THE GH CHECKLIST
Gareth Malone reveals all
The Choir’s Gareth Malone lives in north London with his wife Becky, daughter Esther, seven, and five-year-old son Gilbert How tidy is your house?
I hanker after a hyper-organised house. The reality is somewhat further from that than I’d like, but I think we’re getting there. We’re in the process of paring our lives down to the bare essentials.
When was the last time you personally cleaned the bathroom?
I did the toilet yesterday. I like to clean toilets, I think it’s important that they are clean.
Cook for friends or dine out?
At the moment, as we have young children, it’s just nice to go out. So we tend to eat at restaurants. There are two things that I like to do most – eat and listen to music.
What food can’t you live without?
Sushi. I absolutely love it! When I go out for sushi I’m like, ‘Let’s just order some more yellowtail.’ It’s very clean, fresh and full of good fats.
Who would be your dream dinner party guests?
I would like to sit down for a meal with Paul Mccartney and pick his brain. Nicholas Hytner, the former artistic director of London’s National Theatre, would be interesting, and I’m a big fan of actor Kenneth Branagh. For female singers, Ella Fitzgerald and Billie Holiday would be fun. That would do me – it would be a good night.
Are you a saver or a spender?
I think I’ve found a healthy balance. I like to save and I do worry about the future. Being a musician, I’m always thinking, ‘This could be my last job.’ But every now and then I’ll splurge on a piano, for example. If I have a spend, it tends to be on something that is music related.

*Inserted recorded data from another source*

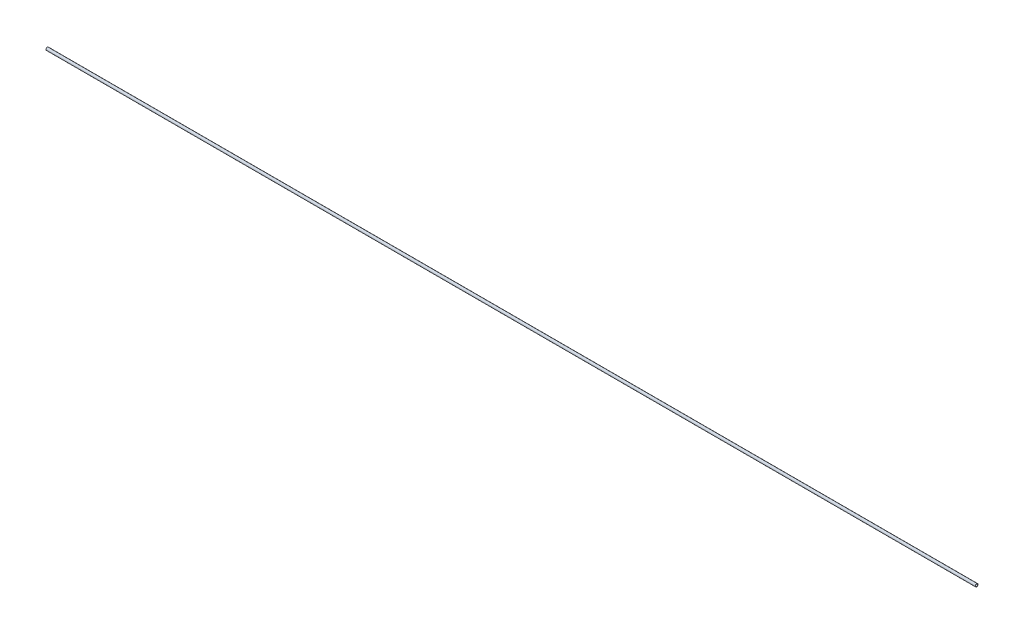
ISO-10303-21;
HEADER;
FILE_DESCRIPTION(('STEP AP214'),'2;1');
FILE_NAME('part.step','',(''),(''),'','','');
FILE_SCHEMA(('AUTOMOTIVE_DESIGN { 1 0 10303 214 1 1 1 1 }'));
ENDSEC;
DATA;
#1=APPLICATION_CONTEXT('core data for automotive mechanical design processes');
#2=APPLICATION_PROTOCOL_DEFINITION('international standard','automotive_design',2000,#1);
#3=PRODUCT_CONTEXT('',#1,'mechanical');
#4=PRODUCT('Part','Part','',(#3));
#5=PRODUCT_RELATED_PRODUCT_CATEGORY('part','',(#4));
#6=PRODUCT_DEFINITION_FORMATION('','',#4);
#7=PRODUCT_DEFINITION_CONTEXT('part definition',#1,'design');
#8=PRODUCT_DEFINITION('design','',#6,#7);
#9=PRODUCT_DEFINITION_SHAPE('','',#8);
#10=(LENGTH_UNIT() NAMED_UNIT(*) SI_UNIT(.MILLI.,.METRE.));
#11=(NAMED_UNIT(*) PLANE_ANGLE_UNIT() SI_UNIT($,.RADIAN.));
#12=(NAMED_UNIT(*) SI_UNIT($,.STERADIAN.) SOLID_ANGLE_UNIT());
#13=UNCERTAINTY_MEASURE_WITH_UNIT(LENGTH_MEASURE(1.E-05),#10,'distance_accuracy_value','');
#14=(GEOMETRIC_REPRESENTATION_CONTEXT(3) GLOBAL_UNCERTAINTY_ASSIGNED_CONTEXT((#13)) GLOBAL_UNIT_ASSIGNED_CONTEXT((#10,
#11,#12)) REPRESENTATION_CONTEXT('',''));
#15=CARTESIAN_POINT('',(0.,0.,0.));
#16=DIRECTION('',(0.,0.,1.));
#17=DIRECTION('',(1.,0.,0.));
#18=AXIS2_PLACEMENT_3D('',#15,#16,#17);
#19=CARTESIAN_POINT('',(8580.,0.,0.));
#20=DIRECTION('',(1.,0.,0.));
#21=DIRECTION('',(0.,0.,-1.));
#22=AXIS2_PLACEMENT_3D('',#19,#20,#21);
#23=PLANE('',#22);
#24=CARTESIAN_POINT('',(8580.,0.,0.));
#25=DIRECTION('',(1.,0.,0.));
#26=DIRECTION('',(0.,0.,-1.));
#27=AXIS2_PLACEMENT_3D('',#24,#25,#26);
#28=CIRCLE('',#27,12.7);
#29=CARTESIAN_POINT('',(8580.,0.,-12.7));
#30=VERTEX_POINT('',#29);
#31=EDGE_CURVE('E10',#30,#30,#28,.T.);
#32=ORIENTED_EDGE('',*,*,#31,.T.);
#33=EDGE_LOOP('',(#32));
#34=FACE_BOUND('',#33,.T.);
#35=CARTESIAN_POINT('',(8580.,0.,0.));
#36=DIRECTION('',(1.,0.,0.));
#37=DIRECTION('',(0.,0.,-1.));
#38=AXIS2_PLACEMENT_3D('',#35,#36,#37);
#39=CIRCLE('',#38,9.652);
#40=CARTESIAN_POINT('',(8580.,0.,-9.652));
#41=VERTEX_POINT('',#40);
#42=EDGE_CURVE('E45',#41,#41,#39,.T.);
#43=ORIENTED_EDGE('',*,*,#42,.F.);
#44=EDGE_LOOP('',(#43));
#45=FACE_BOUND('',#44,.T.);
#46=ADVANCED_FACE('F34',(#34,#45),#23,.T.);
#47=CARTESIAN_POINT('',(0.,0.,0.));
#48=DIRECTION('',(1.,0.,0.));
#49=DIRECTION('',(0.,0.,-1.));
#50=AXIS2_PLACEMENT_3D('',#47,#48,#49);
#51=PLANE('',#50);
#52=CARTESIAN_POINT('',(0.,0.,0.));
#53=DIRECTION('',(1.,0.,0.));
#54=DIRECTION('',(0.,0.,-1.));
#55=AXIS2_PLACEMENT_3D('',#52,#53,#54);
#56=CIRCLE('',#55,12.7);
#57=CARTESIAN_POINT('',(0.,0.,-12.7));
#58=VERTEX_POINT('',#57);
#59=EDGE_CURVE('E38',#58,#58,#56,.T.);
#60=ORIENTED_EDGE('',*,*,#59,.F.);
#61=EDGE_LOOP('',(#60));
#62=FACE_BOUND('',#61,.T.);
#63=CARTESIAN_POINT('',(0.,0.,0.));
#64=DIRECTION('',(1.,0.,0.));
#65=DIRECTION('',(0.,0.,-1.));
#66=AXIS2_PLACEMENT_3D('',#63,#64,#65);
#67=CIRCLE('',#66,9.652);
#68=CARTESIAN_POINT('',(0.,0.,-9.652));
#69=VERTEX_POINT('',#68);
#70=EDGE_CURVE('E47',#69,#69,#67,.T.);
#71=ORIENTED_EDGE('',*,*,#70,.T.);
#72=EDGE_LOOP('',(#71));
#73=FACE_BOUND('',#72,.T.);
#74=ADVANCED_FACE('F57',(#62,#73),#51,.F.);
#75=CARTESIAN_POINT('',(8580.,0.,0.));
#76=DIRECTION('',(-1.,0.,0.));
#77=DIRECTION('',(0.,0.,1.));
#78=AXIS2_PLACEMENT_3D('',#75,#76,#77);
#79=CYLINDRICAL_SURFACE('',#78,12.7);
#80=ORIENTED_EDGE('',*,*,#31,.F.);
#81=EDGE_LOOP('',(#80));
#82=FACE_BOUND('',#81,.T.);
#83=ORIENTED_EDGE('',*,*,#59,.T.);
#84=EDGE_LOOP('',(#83));
#85=FACE_BOUND('',#84,.T.);
#86=ADVANCED_FACE('F36',(#82,#85),#79,.T.);
#87=CARTESIAN_POINT('',(8580.,0.,0.));
#88=DIRECTION('',(-1.,0.,0.));
#89=DIRECTION('',(0.,0.,1.));
#90=AXIS2_PLACEMENT_3D('',#87,#88,#89);
#91=CYLINDRICAL_SURFACE('',#90,9.652);
#92=ORIENTED_EDGE('',*,*,#42,.T.);
#93=EDGE_LOOP('',(#92));
#94=FACE_BOUND('',#93,.T.);
#95=ORIENTED_EDGE('',*,*,#70,.F.);
#96=EDGE_LOOP('',(#95));
#97=FACE_BOUND('',#96,.T.);
#98=ADVANCED_FACE('F53',(#94,#97),#91,.F.);
#99=CLOSED_SHELL('',(#46,#74,#86,#98));
#100=MANIFOLD_SOLID_BREP('B2',#99);
#101=ADVANCED_BREP_SHAPE_REPRESENTATION('',(#18,#100),#14);
#102=SHAPE_DEFINITION_REPRESENTATION(#9,#101);
ENDSEC;
END-ISO-10303-21;

Have you got a health motto?
Don’t get ill! In all seriousness, I think that it’s important to have balance and acknowledge that we are all mortal and that life won’t last for ever. It sets you free to a degree. I believe that we should
aim to be healthy – I like to go to the gym and go swimming – but that shouldn’t be at the expense of enjoying my life.
Where’s your happy place?
At the piano. I play it every day. If I walk past one and I’m unable to play it, I feel a magnetic pull. For me, the piano is my reset place.
Is there any advice that stands out from your parents?
My mother and father instilled a sense of possibility in me. They gave me many opportunities to try lots of different things. When I said that I was going to do a drama degree, they were very supportive. Then when I said, ‘Actually, I’m going to do music’, they were fine with that, too. They always had faith in me.
What is your best advice?
When advising people on how to sing, I encourage them not to be afraid of being themselves in a performance situation and tell them that it doesn’t have to be perfect. It’s nice if it is and it’s good to aim for, but it doesn’t matter if it isn’t. No one’s going to die.
What’s the secret of a happy house?
Lots of noise. I feel sorry for my neighbours. Music is the secret to a happy house for me, so there’s plenty of singing and lots of kids running around.
What’s one thing you always have in the fridge?
It’s important to have milk in the fridge and recently we’ve been very happy about having glass milk bottles delivered, as opposed to getting plastic ones from the supermarket. It’s been a small contribution towards helping save the environment, but it’s so nice.
What lifts you out of a mood?
If I’m down, I’ll listen to music that is quite bleak. That’s the great thing about classical music, it can take you to intense places. Once I come out of that place, I can put on Michael Jackson.